## Programs as word vectors

We are going to treat the programs students write and submit to our platform as word vectors. We are going to learn a representation of these programs. We are going to create a prediction problem and try to predict whether the program submitted with be considered as correct, i.e. the program pass the testcases specified by the lecturer. Creating a prediction problem to learn representations of the data is a useful approach.

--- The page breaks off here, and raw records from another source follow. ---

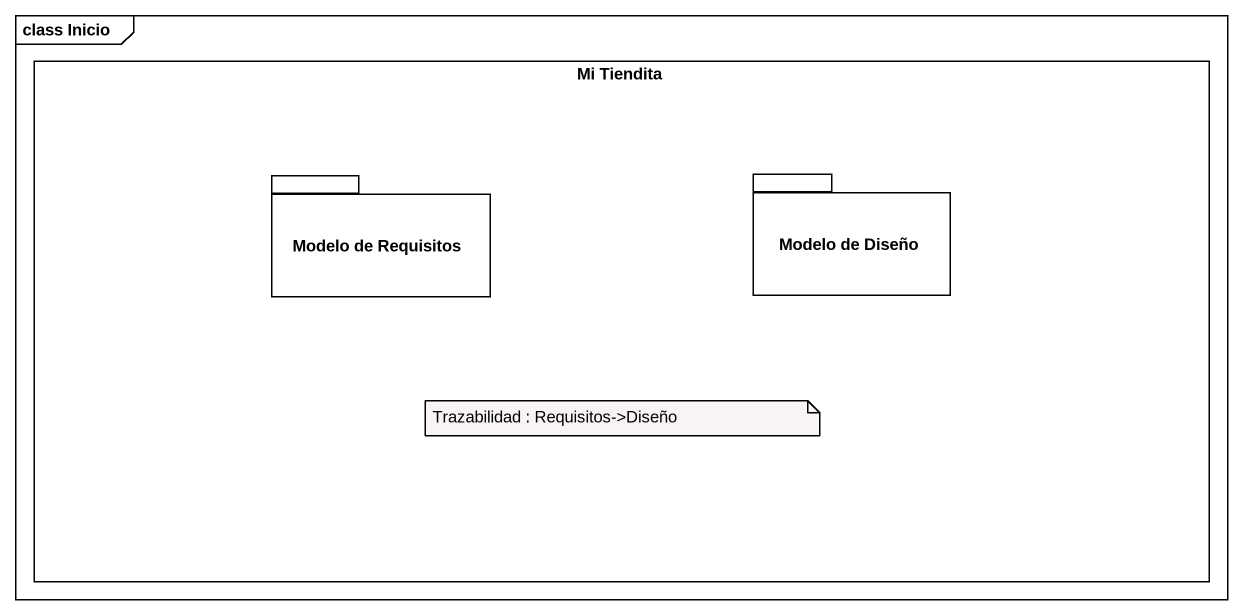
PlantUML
@startuml
mainframe class Inicio
rectangle "Mi Tiendita" as Mi_Tiendita {
  package "Modelo de Requisitos" as Modelo_de_Requisitos {
  }
  package "Modelo de Diseño" as Modelo_de_Diseño {
  }
}
note as N1
  Trazabilidad : Requisitos->Diseño
end note
@enduml

There is no easy way to represent these programs so we are going to learn these representations. 

In [1]:
import re
def remove_comments(text):
    return re.sub(re.compile('#.*?\n'), '', text)

In [2]:
program = '#!/usr/bin/env python\n\na = int(raw_input())\nb = int(raw_input())\n\nprint a + b\n\n\n'
remove_comments(program)

'\na = int(raw_input())\nb = int(raw_input())\n\nprint a + b\n\n\n'

In [3]:
program = '''
#!/usr/bin/env python
# read from input
a = int(raw_input()) # first
b = int(raw_input()) # second
print a + b
'''
remove_comments(program)

'\na = int(raw_input()) b = int(raw_input()) print a + b\n'

**Keras**

In [4]:
from keras.preprocessing.text import text_to_word_sequence

# text_to_word_sequence?

Using TensorFlow backend.


In [5]:
text_to_word_sequence(remove_comments(program), lower=True, split=' ')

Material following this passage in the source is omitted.